Of course, during our emergency shift to remote instruction, I honored all students’ accommodations — offering extra time on tests and quizzes, creating recorded synchronous sessions, and making sure readings were accessible in multiple formats. But I struggled to create opportunities for students to play around with course concepts and develop new understandings. I fear that this failure disproportionately affected students with learning differences who need those structured opportunities for deep cognition.
What I will do differently this fall. The list that follows may seem overly ambitious, but some of it I’ve already done. With the summer ahead to properly design online courses, here is what I will do, or continue to do, in my future virtual classes:
- Give up the notion that everything must come from me, and take advantage of existing material (e.g., predesigned presentations, software that accompanies textbooks).
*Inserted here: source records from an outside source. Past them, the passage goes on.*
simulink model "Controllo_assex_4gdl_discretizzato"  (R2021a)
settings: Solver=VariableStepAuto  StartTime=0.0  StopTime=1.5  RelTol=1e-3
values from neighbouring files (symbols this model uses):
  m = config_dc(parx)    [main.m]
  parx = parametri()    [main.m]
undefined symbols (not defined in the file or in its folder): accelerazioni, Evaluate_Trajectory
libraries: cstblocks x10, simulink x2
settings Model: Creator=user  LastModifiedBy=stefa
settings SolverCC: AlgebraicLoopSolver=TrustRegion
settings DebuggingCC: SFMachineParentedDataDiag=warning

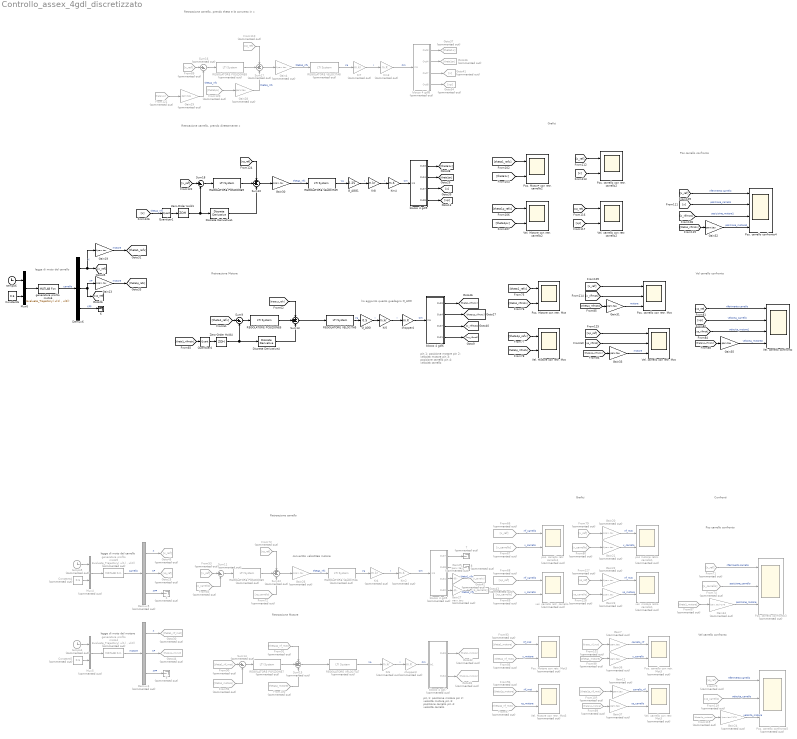
== system Controllo_assex_4gdl_discretizzato ==
  note: ho aggiunto questo guadagno G_AGG
  note: Retroazione carrello, prendo theta e la converto in x
  note: Pos carrello confronto
  note: Retroazione Motore
  note: convertito velcotitaà motore
  note: Vel carrello confronto
  note: Grafici
  note: pin 1: posizione motore
      | pin 2: velocità motore
      | pin 3: posizione carrello
      | pin 4: velocità carrello
  note: legge di moto del carrello
  note: legge di moto del carrello
  note: legge di moto del motore
  note: Grafici
  note: Retroazione carrello
  note: Confronti
  note: Vel carrello confronto
  note: Pos carrello confronto
  note: Retroazione carrello, prendo direttamente x
  note: Retroazione Motore
  note: pin 1: posizione motore
      | pin 2: velocità motore
      | pin 3: posizione carrello
      | pin 4: velocità carrello
   {4..5,7..8} (4 alike) : Terminator  Commented=on
  " 6" : Terminator
  Constant4 : Constant  Commented=on  Value=0.6
  Constant5 : Constant  Commented=on  Value=0.6
  Constant6 : Constant  Value=0.6
  Demux4 : Demux  Commented=on  Outputs=3
  Demux5 : Demux  Commented=on  Outputs=3
  Demux6 : Demux  Outputs=3
  Discrete Derivative1 : simulink/Discrete/Discrete Derivative  gainval=1  ICPrevScaledInput=0.0  OutMin=[]  OutMax=[]  OutDataType=fixdt(1, 16)  OutScaling=2^-10  DoSatur=off
  Discrete Derivative4 : simulink/Discrete/Discrete Derivative  gainval=1.0  ICPrevScaledInput=0.0  OutMin=[]  OutMax=[]  OutDataType=fixdt(1, 16)  OutScaling=2^-10  DoSatur=off
  From{96,99..100,119} (4 alike) : From  Commented=on  GotoTag=theta1p_motore
  From101 : From  Commented=on  GotoTag=theta1_rif_mot
  From103 : From  Commented=on  GotoTag=theta1p_rif_mot
  From{68,70,73,110,127} (5 alike) : From  Commented=on  GotoTag=xp_ref
  From{69,72,118,128} (4 alike) : From  Commented=on  GotoTag=xp_carrello
  From120 : From  Commented=on  GotoTag=theta1px
  From121 : From  Commented=on  GotoTag=theta1px
  From{53,66,71,79,89} (5 alike) : From  Commented=on  GotoTag=x_ref
  From{67,74,80,83} (4 alike) : From  Commented=on  GotoTag=x_carrello
  From{87,92..93,98} (4 alike) : From  Commented=on  GotoTag=theta1_motore
  From90 : From  Commented=on  GotoTag=theta1_rif_mot
  From91 : From  Commented=on  GotoTag=theta1p_rif_mot
  From95 : From  Commented=on  GotoTag=theta1_rif_mot
  From97 : From  Commented=on  GotoTag=theta1p_rif_mot
  G_AGG : Gain  Gain=0.5
  G_AGG1 : Gain  Gain=0.25
  Gain{7,12,25,27..29,36..37} (8 alike) : Gain  Commented=on  Gain=parx.tau
  Gain13 : Gain  Gain=1/parx.tau
  Gain19 : Gain  Gain=1/parx.tau
  Gain{4,20..23,26} (6 alike) : Gain  Commented=on  Gain=1/parx.tau
  Gain24 : Gain  Commented=on  Gain=(parx.tau)*178
  Gain30 : Gain  Gain=1/parx.tau
  Gain{31..33,35} (4 alike) : Gain  Gain=parx.tau
  Gain34 : Gain  Commented=on  Gain=(parx.tau)*178
  Goto25 : Goto  Commented=on  GotoTag=xp_ref
  Goto28 : Goto  Commented=on  GotoTag=theta1p_motore
  Goto30 : Goto  Commented=on  GotoTag=theta1_rif_mot
  Goto32 : Goto  Commented=on  GotoTag=theta1_motore
  Goto34 : Goto  Commented=on  GotoTag=xp
  Goto36 : Goto  Commented=on  GotoTag=theta1px
  Goto37 : Goto  Commented=on  GotoTag=theta1x
  Goto41 : Goto  Commented=on  GotoTag=x
  Goto42 : Goto  Commented=on  GotoTag=x_carrello
  Goto43 : Goto  Commented=on  GotoTag=xp_carrello
  Goto44 : Goto  Commented=on  GotoTag=theta1p_rif_mot
  Goto45 : Goto  Commented=on  GotoTag=x_ref
  Km2 : Gain  Commented=on  Gain=m.K
  Km3 : Gain  Commented=on  Gain=m.K
  Km4 : Gain  Gain=m.K
  Kr4 : Gain  Commented=on  Gain=m.kr
  Kr5 : Gain  Gain=m.kr
  Kr6 : Gain  Commented=on  Gain=m.kr
  Kr7 : Gain  Commented=on  Gain=m.kr
  Kr8 : Gain  Gain=m.kr
  Mux4 : Mux  Commented=on  Inputs=2
  Mux5 : Mux  Commented=on  Inputs=2
  Mux6 : Mux  Inputs=2
  Pos. Motore con retr. Mot : Scope  NumInputPorts=2
  Pos. Motore con retr. Mot3 : Scope  Commented=on  NumInputPorts=2
  Pos. Motore con retr. carrello2 : Scope  NumInputPorts=2
  Pos. carrello con retr. Mot : Scope  NumInputPorts=3
  Pos. carrello con retr. Mot3 : Scope  Commented=on  NumInputPorts=2
  Pos. carrello con retr. carrello2 : Scope  NumInputPorts=2
  Pos. carrello confronto3 : Scope  Commented=on  NumInputPorts=3
  Pos. carrello confronto4 : Scope  NumInputPorts=4
  Pos. carrello confronto5 : Scope  Commented=on  NumInputPorts=3
  Quantizer1 : Quantizer  QuantizationInterval=10/4096
  Quantizer4 : Quantizer  QuantizationInterval=10/4096
  REGOLATORE POSIZIONE5 : cstblocks/LTI System  Commented=on  sys=ap.H_P  IC=[]
  REGOLATORE POSIZIONE6 : cstblocks/LTI System  sys=ap.H_P  IC=[]
  REGOLATORE POSIZIONE7 : cstblocks/LTI System  Commented=on  sys=ap.H_P  IC=[]
  REGOLATORE POSIZIONE8 : cstblocks/LTI System  Commented=on  sys=ap.H_P  IC=[]
  REGOLATORE POSIZIONE9 : cstblocks/LTI System  sys=ap.H_P  IC=[]
  REGOLATORE VELOCITA5 : cstblocks/LTI System  sys=av.PI_V  IC=[]
  REGOLATORE VELOCITA6 : cstblocks/LTI System  Commented=on  sys=av.PI_V  IC=[]
  REGOLATORE VELOCITA7 : cstblocks/LTI System  Commented=on  sys=av.PI_V  IC=[]
  REGOLATORE VELOCITA8 : cstblocks/LTI System  Commented=on  sys=av.PI_V  IC=[]
  REGOLATORE VELOCITA9 : cstblocks/LTI System  sys=av.PI_V  IC=[]
  Sum10 : Sum  Inputs=++-
  Sum11 : Sum  Commented=on  Inputs=|+-
  Sum12 : Sum  Commented=on  Inputs=++-
  Sum13 : Sum  Inputs=++-
  Sum14 : Sum  Commented=on  Inputs=|+-
  Sum15 : Sum  Commented=on  Inputs=++-
  Sum16 : Sum  Commented=on  Inputs=|+-
  Sum17 : Sum  Commented=on  Inputs=++-
  Sum18 : Sum  Inputs=|+-
  Sum9 : Sum  Inputs=|+-
  Vel. Motore con retr. Mot : Scope  NumInputPorts=2
  Vel. Motore con retr. Mot3 : Scope  Commented=on  NumInputPorts=2
  Vel. Motore con retr. carrello2 : Scope  NumInputPorts=2
  Vel. carrello con retr. Mot : Scope  NumInputPorts=3
  Vel. carrello con retr. Mot3 : Scope  Commented=on  NumInputPorts=2
  Vel. carrello con retr. carrello2 : Scope  NumInputPorts=2
  Vel. carrello confronto : Scope  NumInputPorts=4
  Zero-Order Hold1 : ZeroOrderHold  SampleTime=0.001
  Zero-Order Hold4 : ZeroOrderHold  SampleTime=0.001
  blocco 4 gdl5 : Subsystem  Commented=on
  blocco 4 gdl6 : Subsystem
  blocco 4 gdl7 : Subsystem  Commented=on
  blocco 4 gdl8 : Subsystem  Commented=on
  blocco 4 gdl9 : Subsystem
  chopper3 : Gain  Commented=on  Gain=m.K
  chopper4 : Gain  Gain=m.K
  generatore profilo moto4 : MATLABFcn  Commented=on  MATLABFcn=Evaluate_Trajectory( u(1) , u(2))  OutputDimensions=3
  generatore profilo moto5 : MATLABFcn  Commented=on  MATLABFcn=Evaluate_Trajectory( u(1) , u(2))  OutputDimensions=3
  generatore profilo moto6 : MATLABFcn  MATLABFcn=Evaluate_Trajectory( u(1) , u(2))  OutputDimensions=3
  pos motore retro. carrello1 : Scope  Commented=on  NumInputPorts=2
  pos. carrello retr. carrello1 : Scope  Commented=on  NumInputPorts=2
  tempo4 : Clock  Commented=on
  tempo5 : Clock  Commented=on
  tempo6 : Clock
  vel. carrello retr. carrello1 : Scope  Commented=on  NumInputPorts=2
  vel. motore retro. carrello1 : Scope  Commented=on  NumInputPorts=2
  wires:
  Kr4/1 -> Km2/1  "I"
  blocco 4 gdl9/1(Out3) -> [theta1x]
  Gain24/1 -> Pos. carrello confronto5/3  "velocita_motore"
  [theta1_refx] -> Pos. Motore con retr. carrello2/1
  blocco 4 gdl9/2(Out4) -> [theta1px]
  From103/1 -> Gain12/1
  blocco 4 gdl8/3(Out7) -> Goto41/1
  Kr8/1 -> Km4/1  "I"
  [theta1_refx] -> Pos. Motore con retr. Mot/1
  [theta1_refx] -> Sum9/1
  Constant4/1 -> Mux4/2
  [xp] -> Vel. carrello confronto/2  "velocita_carrello"
  blocco 4 gdl9/3(Out7) -> [x]
  From119/1 -> Gain24/1
  Sum14/1 -> REGOLATORE POSIZIONE7/1
  Gain20/1 -> pos motore retro. carrello1/1  "rif_mot"
  Gain27/1 -> Goto43/1  "theta1_rifx"
  From118/1 -> Pos. carrello confronto5/2  "velocita_carrello"
  From120/1 -> Gain28/1
  Sum18/1 -> REGOLATORE POSIZIONE9/1
  [xp_ref] -> Sum10/1
  Gain29/1 -> Sum16/2  "theta1_rifx"
  Gain22/1 -> vel. motore retro. carrello1/1  "rif_mot"
  From71/1 -> Pos. carrello confronto3/1  "riferimento carrello"
  [x_ref] -> Sum18/1
  Gain31/1 -> Pos. carrello con retr. Mot/3  "motore"
  From87/1 -> Gain34/1
  From127/1 -> Gain22/1
  Gain36/1 -> Pos. carrello con retr. Mot3/2  "x_carrello"
  Constant5/1 -> Mux5/2
  Km4/1 -> blocco 4 gdl9/1(In1)  "Cm"
  blocco 4 gdl9/4(Out8) -> [xp]
  Gain13/1 -> [theta1p_refx]  "motore"
  REGOLATORE VELOCITA8/1 -> Kr7/1  "Va"
  Kr7/1 -> Km3/1  "I"
  REGOLATORE POSIZIONE9/1 -> Sum10/2
  Km3/1 -> blocco 4 gdl8/1(In1)  "Cm"
  [x] -> Pos. carrello confronto4/2  "posizione_carrello"
  From70/1 -> Pos. carrello confronto5/1  "riferimento carrello"
  Sum10/1 -> Gain30/1
  From72/1 -> Sum12/3
  Km2/1 -> blocco 4 gdl5/1(In1)  "Cm"
  From89/1 -> Sum16/1
  Gain23/1 -> vel. motore retro. carrello1/2  "xp_motore"
  [theta1p_rifmotx] -> Gain35/1
  From66/1 -> pos. carrello retr. carrello1/1  "rif_carrello"
  Demux6/3 -> " 6"/1  "XPP"
  From128/1 -> Gain23/1
  [theta1_rifmotx] -> Pos. Motore con retr. Mot/2
  From121/1 -> Gain29/1
  [xp] -> Vel. carrello con retr. carrello2/2
  blocco 4 gdl5/4(Out2) -> Gain27/1
  blocco 4 gdl5/2(Out8) -> " 8"/1
  Gain28/1 -> Sum17/3  "theta1_rifx"
  From80/1 -> Gain21/1
  blocco 4 gdl5/3(Out1) -> Gain25/1
  Sum16/1 -> REGOLATORE POSIZIONE8/1
  Gain19/1 -> [theta1_refx]  "motore"
  Gain21/1 -> pos motore retro. carrello1/2  "x_carrello"
  [theta1_rifmotx] -> Gain32/1
  [x] -> Pos. carrello con retr. carrello2/2
  From79/1 -> Gain20/1
  Gain4/1 -> REGOLATORE VELOCITA8/1  "theta1_rifx"
  [x_ref] -> Pos. carrello con retr. carrello2/1
  [theta1p_rifmotx] -> Gain33/1
  [xp_ref] -> Vel. carrello con retr. carrello2/1
  Kr6/1 -> chopper3/1  "I"
  REGOLATORE POSIZIONE8/1 -> Sum17/2
  Sum17/1 -> Gain4/1
  REGOLATORE POSIZIONE7/1 -> Sum15/2
  From93/1 -> Pos. Motore con retr. Mot3/1  "rif_mot"
  [x_ref] -> Pos. carrello confronto4/1  "riferimento carrello"
  From74/1 -> Pos. carrello confronto3/2  "posizione_carrello"
  Mux6/1 -> generatore profilo moto6/1
  From96/1 -> Vel. Motore con retr. Mot3/1  "rif_mot"
  From110/1 -> Sum17/1
  [x_rifmot] -> Pos. carrello confronto4/3  "posizioine_motore1"
  [theta1p_refx] -> Vel. Motore con retr. carrello2/1
  blocco 4 gdl7/2(Out4) -> Goto28/1
  blocco 4 gdl8/1(Out3) -> Goto37/1
  blocco 4 gdl8/2(Out4) -> Goto36/1
  Demux4/1 -> Goto30/1  "X"
  [theta1px] -> Vel. Motore con retr. carrello2/2
  Gain32/1 -> Pos. carrello confronto4/4  "posizione_motore2"
  blocco 4 gdl8/4(Out8) -> Goto34/1
  Constant6/1 -> Mux6/2
  Gain33/1 -> Vel. carrello con retr. Mot/3  "motore"
  Demux4/3 -> " 5"/1  "XPP"
  Gain34/1 -> Pos. carrello confronto3/3  "posizione_motore"
  tempo6/1 -> Mux6/1
  Demux6/2 -> Gain13/1, [xp_ref]  "XP"
  From98/1 -> Gain36/1
  Sum9/1 -> REGOLATORE POSIZIONE6/1
  From97/1 -> Vel. Motore con retr. Mot3/2  "xp_motore"
  chopper4/1 -> blocco 4 gdl6/1(In1)  "Cm"
  blocco 4 gdl6/3(Out7) -> [x_rifmot]
  From92/1 -> Sum14/2
  From90/1 -> Sum14/1
  From100/1 -> Sum15/3
  From101/1 -> Gain7/1
  chopper3/1 -> blocco 4 gdl7/1(In1)  "Cm"
  blocco 4 gdl5/1(Out7) -> " 7"/1
  Gain12/1 -> Vel. carrello con retr. Mot3/1  "carrello_rif"
  From95/1 -> Pos. Motore con retr. Mot3/2  "x_motore"
  blocco 4 gdl7/1(Out3) -> Goto32/1
  Gain37/1 -> Vel. carrello con retr. Mot3/2  "xp_carrello"
  tempo4/1 -> Mux5/1
  [x_rifmot] -> Pos. carrello con retr. Mot/2
  Kr5/1 -> chopper4/1  "I"
  [theta1_rifmotx] -> Gain31/1
  generatore profilo moto4/1 -> Demux4/1  "motore"
  Mux5/1 -> generatore profilo moto4/1
  blocco 4 gdl6/4(Out1) -> [xp_rifmot]
  From67/1 -> pos. carrello retr. carrello1/2  "x_carrello"
  Gain30/1 -> REGOLATORE VELOCITA9/1  "theta1_rifx"
  [xp_rifmot] -> Vel. carrello confronto/3  "velocita_motore1"
  [theta1p_refx] -> Sum13/1
  From91/1 -> Sum15/1
  [xp_ref] -> Vel. carrello confronto/1  "riferimento carrello"
  [x_ref] -> Pos. carrello con retr. Mot/1
  [theta1p_rifmotx] -> Vel. Motore con retr. Mot/2
  [theta1x] -> Pos. Motore con retr. carrello2/2
  Sum13/1 -> REGOLATORE VELOCITA5/1
  [xp_ref] -> Vel. carrello con retr. Mot/1
  From83/1 -> Sum11/2
  From68/1 -> vel. carrello retr. carrello1/1  "rif_carrello"
  From53/1 -> Sum11/1
  From99/1 -> Gain37/1
  REGOLATORE POSIZIONE6/1 -> Sum13/2
  [xp_rifmot] -> Vel. carrello con retr. Mot/2
  blocco 4 gdl6/2(Out4) -> [theta1p_rifmotx]
  blocco 4 gdl6/1(Out3) -> [theta1_rifmotx]
  [theta1p_refx] -> Vel. Motore con retr. Mot/1
  Gain25/1 -> Goto42/1  "theta1_rifx"
  Demux4/2 -> Goto44/1  "XP"
  generatore profilo moto6/1 -> Demux6/1  "carrello"
  Sum12/1 -> Gain26/1
  Gain7/1 -> Pos. carrello con retr. Mot3/1  "carrello_rif"
  Demux5/1 -> Goto45/1  "X"
  Demux5/2 -> Goto25/1  "XP"
  Gain26/1 -> REGOLATORE VELOCITA6/1  "theta1_rifx"
  Sum15/1 -> REGOLATORE VELOCITA7/1
  Sum11/1 -> REGOLATORE POSIZIONE5/1
  Gain35/1 -> Vel. carrello confronto/4  "velocita_motore2"
  REGOLATORE VELOCITA7/1 -> Kr6/1  "Va"
  REGOLATORE POSIZIONE5/1 -> Sum12/2
  From69/1 -> vel. carrello retr. carrello1/2  "x_carrello"
  generatore profilo moto5/1 -> Demux5/1  "carrello"
  Mux4/1 -> generatore profilo moto5/1
  tempo5/1 -> Mux4/1
  Demux5/3 -> " 4"/1  "XPP"
  REGOLATORE VELOCITA6/1 -> Kr4/1  "Va"
  Demux6/1 -> [x_ref], Gain19/1  "X"
  From73/1 -> Sum12/1
  Quantizer1/1 -> Zero-Order Hold1/1
  [x] -> Quantizer1/1  "theta1_rifx"
  Zero-Order Hold1/1 -> Discrete Derivative1/1, Sum18/2
  Discrete Derivative1/1 -> Sum10/3
  Quantizer4/1 -> Zero-Order Hold4/1
  [theta1_rifmotx] -> Quantizer4/1
  Zero-Order Hold4/1 -> Sum9/2, Discrete Derivative4/1
  Discrete Derivative4/1 -> Sum13/3
  REGOLATORE VELOCITA5/1 -> G_AGG/1  "Va"
  G_AGG/1 -> Kr5/1  "I"
  REGOLATORE VELOCITA9/1 -> G_AGG1/1  "Va"
  G_AGG1/1 -> Kr8/1  "I"

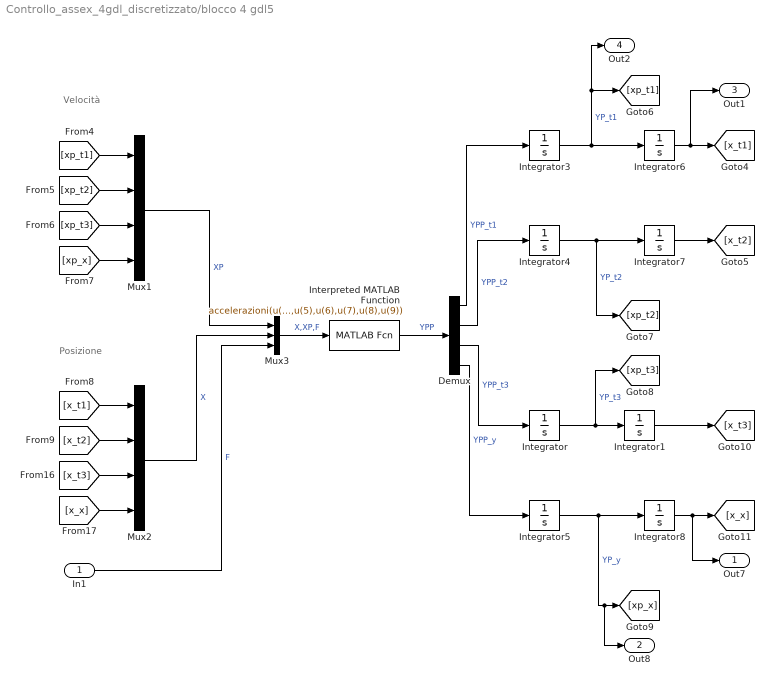
== system Controllo_assex_4gdl_discretizzato/blocco 4 gdl5 ==
  note: Velocità
  note: Posizione
  In1 : Inport
  Demux : Demux
  Integrator{,1,3..8} (8 alike) : Integrator
  Interpreted MATLAB Function : MATLABFcn  MATLABFcn=accelerazioni(u(1),u(2),u(3),u(4),u(5),u(6),u(7),u(8),u(9))  OutputDimensions=4
  Mux1 : Mux
  Mux2 : Mux
  Mux3 : Mux  Inputs=3
  Out7 : Outport
  Out8 : Outport  Port=2
  Out1 : Outport  Port=3
  Out2 : Outport  Port=4
  wires:
  Integrator4/1 -> [xp_t2], Integrator7/1  "YP_t2"
  [xp_t1] -> Mux1/1
  [x_t2] -> Mux2/2
  Integrator1/1 -> [x_t3]
  Demux/4 -> Integrator5/1  "YPP_y"
  Demux/2 -> Integrator4/1  "YPP_t2"
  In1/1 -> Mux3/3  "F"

- Explore educational technologies that have long been used in elementary and secondary classrooms to enhance students’ learning opportunities at the college level.
- Collaborate with colleagues who teach similar courses at my own or other institutions.
- Cultivate a curriculum that is a mix of academic readings, personal narratives, documentaries, and podcasts. Organize the curriculum into modules that help students track their own progress.
- Provide supplementary resources (reading guides, discussion questions, online tutorials) but help students prioritize which of those resources are most important.
- Share rubrics, sample assignments, and templates with students.
- Especially in a totally asynchronous course, provide a suggested pacing guide to help students manage their time.
- Be prepared to mail a hard copy of the curriculum to students who may have inconsistent access to technology, the internet, or both.
- Resist the urge to hold students accountable through daily assignments, and instead, during synchronous meetings, integrate informal classroom-assessment techniques.
- Be certain to have at least one assignment that requires revision, so that students are revisiting course concepts multiple times and applying feedback to future work.
- Create study groups and design assignments that require students to meet in those groups and discuss course content.
- Foster community by beginning each synchronous session with a “check-in,” by using breakout rooms for small-group activities and discussions, and by offering virtual opportunities for the entire class to watch assigned movies and listen to assigned podcasts together.
- Ask one or two students to create a group text or email discussion group so that students can easily communicate with one another outside of class.
- Poll students throughout the course to solicit quick feedback about readings, assignments, and the overall structure. Adjust the course accordingly.
- Instead of devoting synchronous class time to lectures and presentations, use it as an opportunity for students to ask questions and do activities in breakout rooms.
- Conduct “active” office hours twice a week to offer mini-lessons for students who need further clarification, the opportunity to talk through material, or both.
The spring semester required far more work, and far more pedagogical adjustments, than usual. But it wasn’t just stressful; it was also exciting.
One reason I love teaching is that it poses so many challenges. It requires me to stay engaged with disciplinary scholarship and connected to students’ out-of-class lives. But before Covid-19, I’d resisted integrating technology into my courses in a meaningful way because I didn’t fully understand its possibilities. The present crisis forced my hand and, in truth, pushed me to become a better teacher.